Aim of the exercise → Every line below that includes the word "pistas" needs to be copied.

- Opening Delimiter -

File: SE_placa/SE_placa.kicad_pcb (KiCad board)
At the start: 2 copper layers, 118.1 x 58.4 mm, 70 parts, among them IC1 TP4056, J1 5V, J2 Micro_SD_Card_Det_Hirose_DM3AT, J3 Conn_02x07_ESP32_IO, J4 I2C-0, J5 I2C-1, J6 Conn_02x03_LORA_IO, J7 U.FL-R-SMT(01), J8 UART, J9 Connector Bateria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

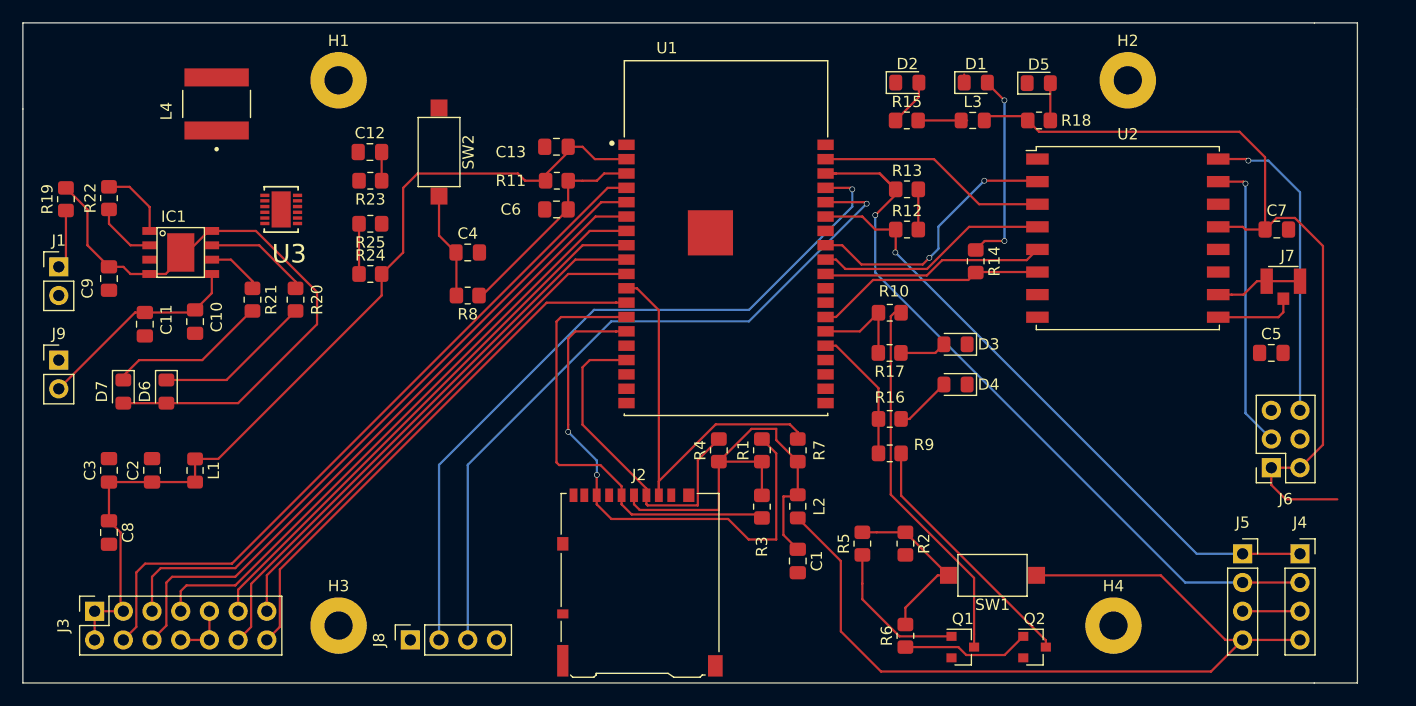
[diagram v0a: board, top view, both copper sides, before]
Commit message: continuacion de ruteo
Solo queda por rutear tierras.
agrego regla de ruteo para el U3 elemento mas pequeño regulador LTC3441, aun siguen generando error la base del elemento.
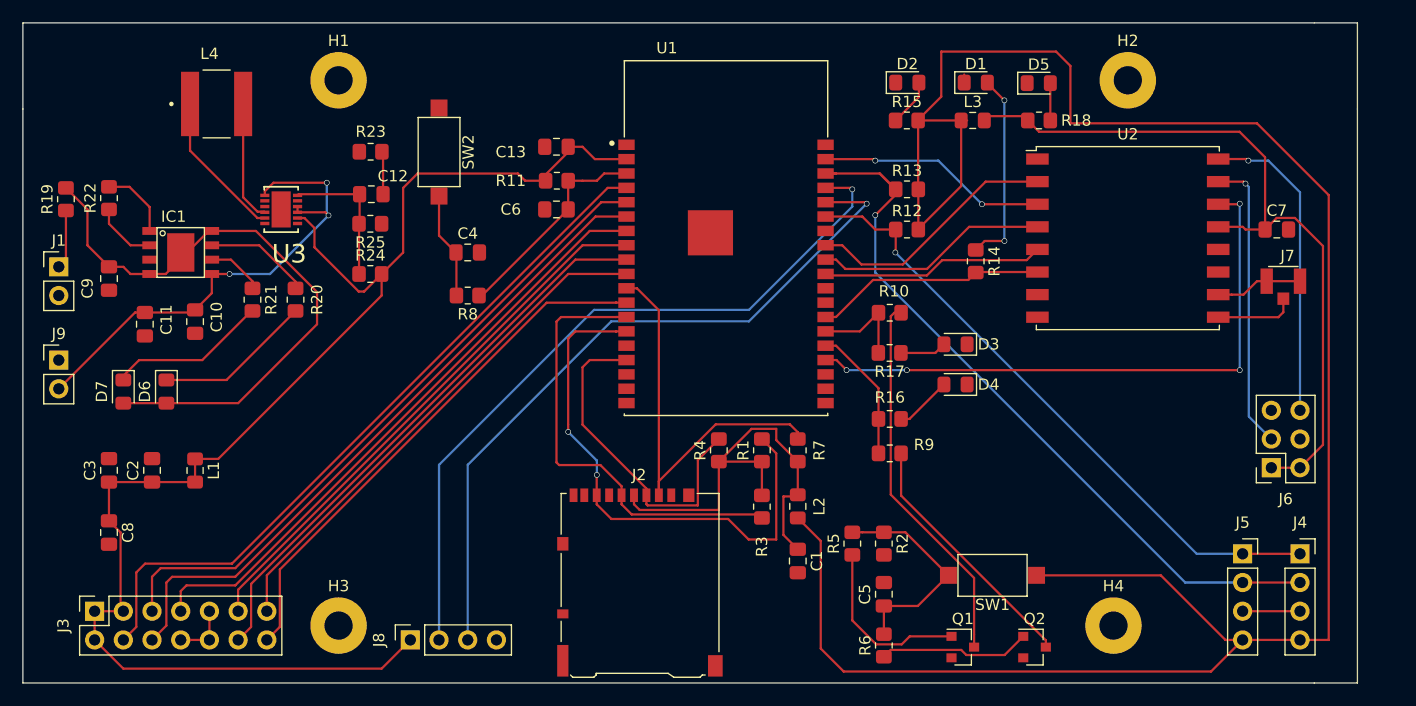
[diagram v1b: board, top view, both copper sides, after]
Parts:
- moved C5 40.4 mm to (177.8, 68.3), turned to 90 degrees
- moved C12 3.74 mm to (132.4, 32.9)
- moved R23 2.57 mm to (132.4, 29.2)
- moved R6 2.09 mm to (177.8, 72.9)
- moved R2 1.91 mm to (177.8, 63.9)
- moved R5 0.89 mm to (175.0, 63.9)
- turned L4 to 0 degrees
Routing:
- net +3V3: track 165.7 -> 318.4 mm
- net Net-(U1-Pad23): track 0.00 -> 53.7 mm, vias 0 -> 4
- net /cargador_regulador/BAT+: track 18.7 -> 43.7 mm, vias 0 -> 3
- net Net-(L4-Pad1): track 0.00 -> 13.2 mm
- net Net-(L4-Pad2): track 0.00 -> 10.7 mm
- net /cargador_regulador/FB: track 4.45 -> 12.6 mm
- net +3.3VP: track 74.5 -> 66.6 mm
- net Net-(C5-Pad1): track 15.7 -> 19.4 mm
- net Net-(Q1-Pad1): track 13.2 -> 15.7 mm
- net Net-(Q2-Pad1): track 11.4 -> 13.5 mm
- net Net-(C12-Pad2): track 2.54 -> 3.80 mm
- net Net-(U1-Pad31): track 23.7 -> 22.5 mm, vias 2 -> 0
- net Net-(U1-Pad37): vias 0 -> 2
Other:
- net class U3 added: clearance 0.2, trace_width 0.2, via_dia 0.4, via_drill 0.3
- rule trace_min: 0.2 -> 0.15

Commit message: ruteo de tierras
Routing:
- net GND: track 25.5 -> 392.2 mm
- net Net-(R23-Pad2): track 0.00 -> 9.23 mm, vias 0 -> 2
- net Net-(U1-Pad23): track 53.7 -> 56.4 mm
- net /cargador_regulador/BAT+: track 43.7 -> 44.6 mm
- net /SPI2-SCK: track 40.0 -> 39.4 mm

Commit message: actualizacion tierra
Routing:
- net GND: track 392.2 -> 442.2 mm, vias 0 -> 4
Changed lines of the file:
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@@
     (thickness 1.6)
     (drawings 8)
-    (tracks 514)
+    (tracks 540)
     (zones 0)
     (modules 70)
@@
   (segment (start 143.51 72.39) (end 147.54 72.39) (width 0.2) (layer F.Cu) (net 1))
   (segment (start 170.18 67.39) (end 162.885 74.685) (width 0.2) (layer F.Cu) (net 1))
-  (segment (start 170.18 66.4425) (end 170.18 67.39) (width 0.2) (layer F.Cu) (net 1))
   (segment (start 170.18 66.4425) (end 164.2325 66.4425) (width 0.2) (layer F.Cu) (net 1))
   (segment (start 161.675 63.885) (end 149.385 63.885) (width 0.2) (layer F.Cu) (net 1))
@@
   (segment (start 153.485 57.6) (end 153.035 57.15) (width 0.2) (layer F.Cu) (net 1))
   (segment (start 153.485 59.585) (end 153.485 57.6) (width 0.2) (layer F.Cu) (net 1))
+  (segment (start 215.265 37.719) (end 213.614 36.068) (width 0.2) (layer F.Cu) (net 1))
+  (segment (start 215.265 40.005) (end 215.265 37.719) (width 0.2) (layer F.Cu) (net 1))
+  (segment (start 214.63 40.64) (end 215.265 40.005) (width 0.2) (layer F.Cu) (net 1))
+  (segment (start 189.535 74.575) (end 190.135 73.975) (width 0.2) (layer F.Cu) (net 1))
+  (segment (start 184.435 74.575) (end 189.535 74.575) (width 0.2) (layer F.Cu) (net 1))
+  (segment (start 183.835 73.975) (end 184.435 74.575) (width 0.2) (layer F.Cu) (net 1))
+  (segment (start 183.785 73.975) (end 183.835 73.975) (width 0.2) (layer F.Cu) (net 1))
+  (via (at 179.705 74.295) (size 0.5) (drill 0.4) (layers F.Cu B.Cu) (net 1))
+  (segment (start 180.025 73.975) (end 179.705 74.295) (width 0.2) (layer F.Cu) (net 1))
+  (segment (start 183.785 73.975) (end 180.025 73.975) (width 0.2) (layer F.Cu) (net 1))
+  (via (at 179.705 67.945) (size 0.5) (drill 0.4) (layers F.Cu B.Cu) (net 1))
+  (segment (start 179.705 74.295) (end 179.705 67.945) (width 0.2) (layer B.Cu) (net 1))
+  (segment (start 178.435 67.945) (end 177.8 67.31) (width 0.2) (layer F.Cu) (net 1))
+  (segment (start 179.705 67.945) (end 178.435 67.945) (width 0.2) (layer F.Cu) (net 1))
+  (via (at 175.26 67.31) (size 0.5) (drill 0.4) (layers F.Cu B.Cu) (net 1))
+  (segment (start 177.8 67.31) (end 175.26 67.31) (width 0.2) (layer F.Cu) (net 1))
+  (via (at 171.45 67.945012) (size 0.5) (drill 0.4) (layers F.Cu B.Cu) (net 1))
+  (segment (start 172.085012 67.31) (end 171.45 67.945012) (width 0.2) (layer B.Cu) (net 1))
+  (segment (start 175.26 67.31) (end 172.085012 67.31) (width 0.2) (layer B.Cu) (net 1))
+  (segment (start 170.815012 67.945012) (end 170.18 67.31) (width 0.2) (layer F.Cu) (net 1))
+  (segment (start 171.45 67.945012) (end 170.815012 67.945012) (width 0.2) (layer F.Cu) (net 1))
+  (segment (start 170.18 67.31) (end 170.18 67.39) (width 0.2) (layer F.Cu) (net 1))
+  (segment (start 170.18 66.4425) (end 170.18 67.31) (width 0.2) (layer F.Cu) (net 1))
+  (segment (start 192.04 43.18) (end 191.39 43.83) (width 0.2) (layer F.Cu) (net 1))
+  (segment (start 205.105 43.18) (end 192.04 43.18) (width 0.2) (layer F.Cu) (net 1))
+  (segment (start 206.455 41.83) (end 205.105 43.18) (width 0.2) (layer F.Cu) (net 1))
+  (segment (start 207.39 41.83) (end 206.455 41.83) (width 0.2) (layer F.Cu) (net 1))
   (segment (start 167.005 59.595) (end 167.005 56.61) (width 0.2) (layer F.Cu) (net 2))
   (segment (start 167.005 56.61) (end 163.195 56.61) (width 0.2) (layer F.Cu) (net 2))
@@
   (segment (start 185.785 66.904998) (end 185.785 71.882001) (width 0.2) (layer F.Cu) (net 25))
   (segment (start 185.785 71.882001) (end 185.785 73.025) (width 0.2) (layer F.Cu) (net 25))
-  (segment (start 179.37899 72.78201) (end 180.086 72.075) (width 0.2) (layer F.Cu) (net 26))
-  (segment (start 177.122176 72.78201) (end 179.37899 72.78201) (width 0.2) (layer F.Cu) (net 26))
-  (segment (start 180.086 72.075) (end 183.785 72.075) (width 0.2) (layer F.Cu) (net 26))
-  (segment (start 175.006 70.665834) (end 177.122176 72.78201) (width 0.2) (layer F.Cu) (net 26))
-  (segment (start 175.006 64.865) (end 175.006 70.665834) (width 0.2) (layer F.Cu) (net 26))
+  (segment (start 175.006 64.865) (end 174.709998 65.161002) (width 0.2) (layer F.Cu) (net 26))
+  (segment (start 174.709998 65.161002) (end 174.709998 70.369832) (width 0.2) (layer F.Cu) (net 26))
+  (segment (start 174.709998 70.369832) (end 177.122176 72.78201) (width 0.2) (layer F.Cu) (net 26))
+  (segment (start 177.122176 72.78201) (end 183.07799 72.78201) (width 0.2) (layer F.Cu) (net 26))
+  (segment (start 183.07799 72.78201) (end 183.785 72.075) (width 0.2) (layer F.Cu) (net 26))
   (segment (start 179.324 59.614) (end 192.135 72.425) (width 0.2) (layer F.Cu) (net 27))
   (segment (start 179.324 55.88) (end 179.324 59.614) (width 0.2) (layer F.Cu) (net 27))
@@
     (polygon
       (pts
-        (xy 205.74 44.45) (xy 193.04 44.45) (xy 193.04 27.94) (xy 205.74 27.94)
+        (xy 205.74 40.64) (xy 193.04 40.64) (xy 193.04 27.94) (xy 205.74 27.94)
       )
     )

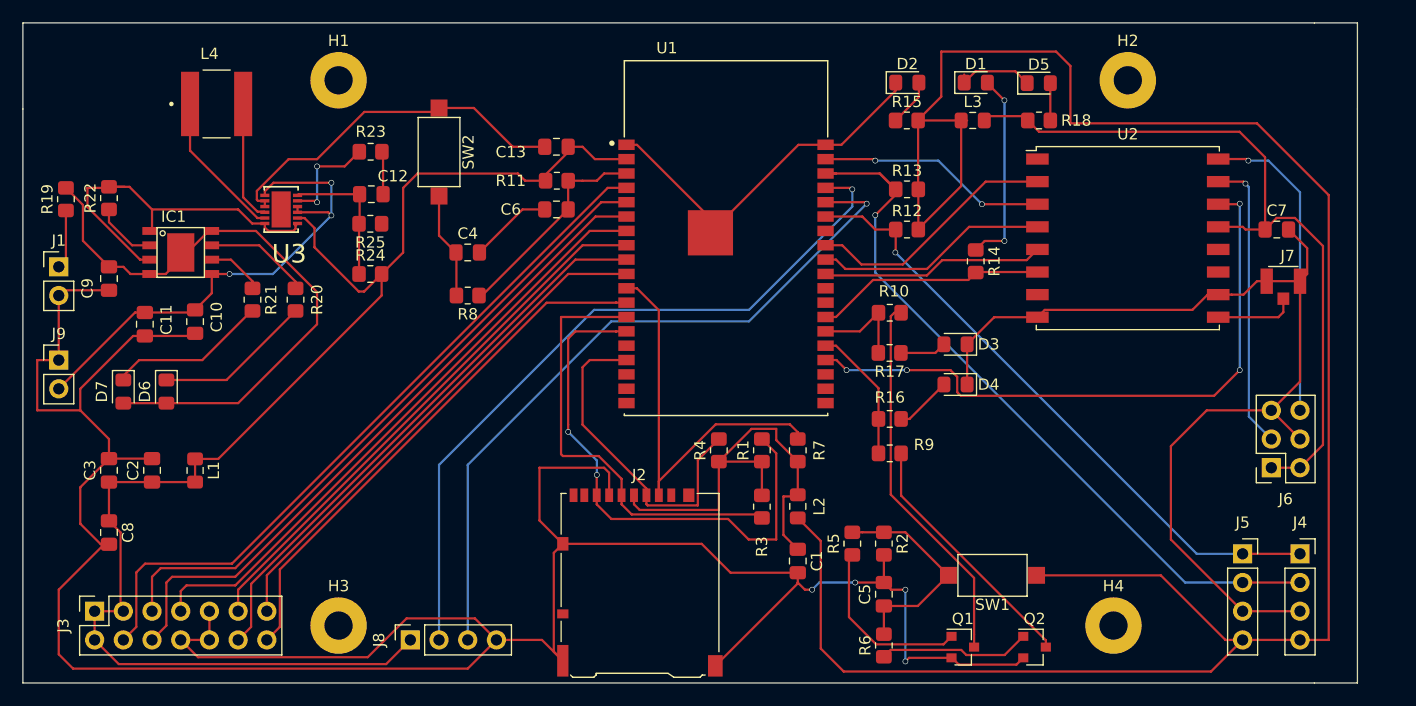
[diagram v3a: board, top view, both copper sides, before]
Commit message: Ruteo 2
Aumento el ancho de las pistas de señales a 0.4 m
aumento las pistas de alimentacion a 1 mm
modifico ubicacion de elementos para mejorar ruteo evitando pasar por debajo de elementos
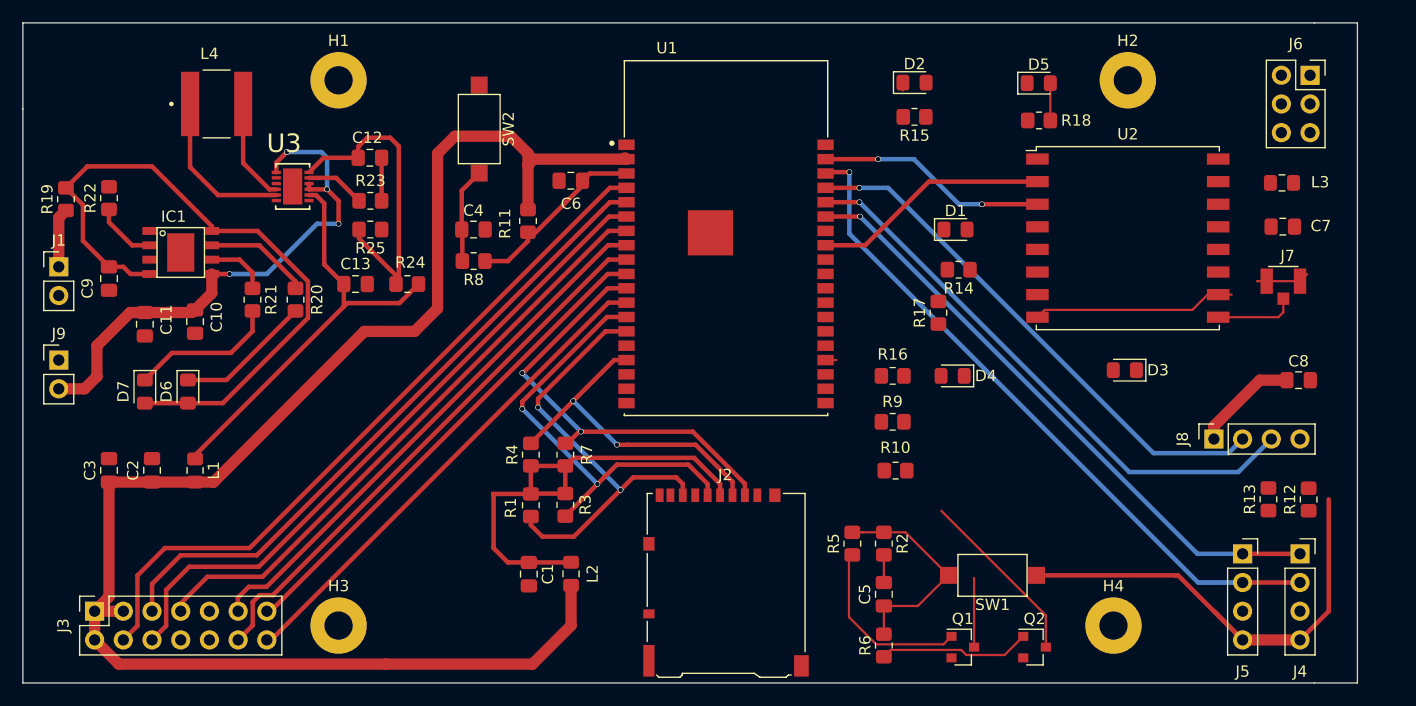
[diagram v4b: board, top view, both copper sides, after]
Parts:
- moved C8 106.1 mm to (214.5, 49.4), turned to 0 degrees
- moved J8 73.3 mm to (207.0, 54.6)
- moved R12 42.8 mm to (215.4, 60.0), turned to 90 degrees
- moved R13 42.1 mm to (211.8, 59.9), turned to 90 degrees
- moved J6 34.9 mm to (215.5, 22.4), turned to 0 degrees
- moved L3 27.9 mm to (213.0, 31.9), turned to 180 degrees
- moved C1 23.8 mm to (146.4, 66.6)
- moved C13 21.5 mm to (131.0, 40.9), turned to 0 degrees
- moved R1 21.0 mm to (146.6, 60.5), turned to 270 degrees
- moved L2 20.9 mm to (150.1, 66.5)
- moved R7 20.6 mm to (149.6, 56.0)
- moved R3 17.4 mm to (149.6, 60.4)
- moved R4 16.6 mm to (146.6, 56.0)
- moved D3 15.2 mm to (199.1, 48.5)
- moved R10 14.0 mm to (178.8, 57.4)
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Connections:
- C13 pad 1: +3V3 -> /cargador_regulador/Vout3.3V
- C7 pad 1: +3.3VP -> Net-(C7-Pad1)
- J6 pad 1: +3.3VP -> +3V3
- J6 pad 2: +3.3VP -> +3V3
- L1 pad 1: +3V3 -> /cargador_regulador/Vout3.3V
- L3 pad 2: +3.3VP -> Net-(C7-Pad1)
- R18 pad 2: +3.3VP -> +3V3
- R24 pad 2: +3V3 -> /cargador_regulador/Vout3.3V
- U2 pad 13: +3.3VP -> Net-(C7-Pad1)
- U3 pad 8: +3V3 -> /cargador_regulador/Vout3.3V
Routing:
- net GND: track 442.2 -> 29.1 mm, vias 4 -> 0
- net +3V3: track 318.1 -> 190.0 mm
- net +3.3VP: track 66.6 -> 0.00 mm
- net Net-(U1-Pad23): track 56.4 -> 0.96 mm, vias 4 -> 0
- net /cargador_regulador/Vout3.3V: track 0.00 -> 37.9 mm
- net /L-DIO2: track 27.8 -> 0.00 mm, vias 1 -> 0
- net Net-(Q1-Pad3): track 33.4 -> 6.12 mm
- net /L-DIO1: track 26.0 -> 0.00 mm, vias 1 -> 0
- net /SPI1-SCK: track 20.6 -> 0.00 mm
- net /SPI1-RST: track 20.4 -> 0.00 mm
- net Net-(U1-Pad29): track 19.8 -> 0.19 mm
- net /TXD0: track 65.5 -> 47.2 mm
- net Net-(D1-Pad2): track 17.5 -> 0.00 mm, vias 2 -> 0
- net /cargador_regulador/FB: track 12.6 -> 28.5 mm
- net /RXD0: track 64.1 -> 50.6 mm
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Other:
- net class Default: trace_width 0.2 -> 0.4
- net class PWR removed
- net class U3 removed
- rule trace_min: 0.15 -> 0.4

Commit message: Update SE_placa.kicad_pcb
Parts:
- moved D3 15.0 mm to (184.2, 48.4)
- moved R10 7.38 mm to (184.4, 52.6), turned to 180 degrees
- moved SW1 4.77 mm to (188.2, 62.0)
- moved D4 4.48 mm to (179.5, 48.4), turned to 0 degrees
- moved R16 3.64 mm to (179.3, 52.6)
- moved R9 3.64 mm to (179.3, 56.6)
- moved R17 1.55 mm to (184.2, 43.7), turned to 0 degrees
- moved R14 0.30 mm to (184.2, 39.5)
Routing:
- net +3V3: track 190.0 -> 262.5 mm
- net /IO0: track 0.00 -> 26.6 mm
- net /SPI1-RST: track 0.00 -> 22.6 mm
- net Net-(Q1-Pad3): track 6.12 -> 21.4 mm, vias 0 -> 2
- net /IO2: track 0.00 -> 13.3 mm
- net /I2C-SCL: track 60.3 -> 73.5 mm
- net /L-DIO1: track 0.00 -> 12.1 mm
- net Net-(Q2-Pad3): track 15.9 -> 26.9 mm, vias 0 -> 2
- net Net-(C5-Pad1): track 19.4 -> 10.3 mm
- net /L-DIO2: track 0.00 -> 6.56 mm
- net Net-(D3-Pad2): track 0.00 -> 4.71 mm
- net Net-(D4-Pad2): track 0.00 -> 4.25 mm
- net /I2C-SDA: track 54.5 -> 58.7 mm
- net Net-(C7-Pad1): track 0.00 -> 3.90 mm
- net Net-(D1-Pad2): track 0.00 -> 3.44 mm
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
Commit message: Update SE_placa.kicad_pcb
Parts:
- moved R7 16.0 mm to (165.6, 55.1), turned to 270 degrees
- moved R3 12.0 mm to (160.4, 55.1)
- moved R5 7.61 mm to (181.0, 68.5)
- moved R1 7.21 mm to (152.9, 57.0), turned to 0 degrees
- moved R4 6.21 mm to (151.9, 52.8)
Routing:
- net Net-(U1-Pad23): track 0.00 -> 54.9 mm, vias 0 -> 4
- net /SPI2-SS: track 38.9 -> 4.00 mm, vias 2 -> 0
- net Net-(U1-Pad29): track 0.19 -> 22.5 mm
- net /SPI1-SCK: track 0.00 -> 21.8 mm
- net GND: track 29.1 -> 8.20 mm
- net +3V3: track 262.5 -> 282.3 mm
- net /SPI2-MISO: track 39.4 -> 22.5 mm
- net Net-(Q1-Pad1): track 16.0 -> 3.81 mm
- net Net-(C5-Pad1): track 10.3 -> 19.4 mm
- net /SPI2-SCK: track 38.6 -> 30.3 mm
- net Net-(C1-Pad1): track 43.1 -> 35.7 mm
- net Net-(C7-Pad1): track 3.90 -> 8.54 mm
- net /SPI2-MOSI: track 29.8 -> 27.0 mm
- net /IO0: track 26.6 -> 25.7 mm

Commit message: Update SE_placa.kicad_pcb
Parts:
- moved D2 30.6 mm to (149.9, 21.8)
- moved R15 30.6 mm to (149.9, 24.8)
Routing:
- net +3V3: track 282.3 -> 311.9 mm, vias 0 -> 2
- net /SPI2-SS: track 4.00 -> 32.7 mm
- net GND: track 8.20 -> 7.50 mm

- Closing Delimiter -

Problem solution →
Aumento el ancho de las pistas de señales a 0.4 m
aumento las pistas de alimentacion a 1 mm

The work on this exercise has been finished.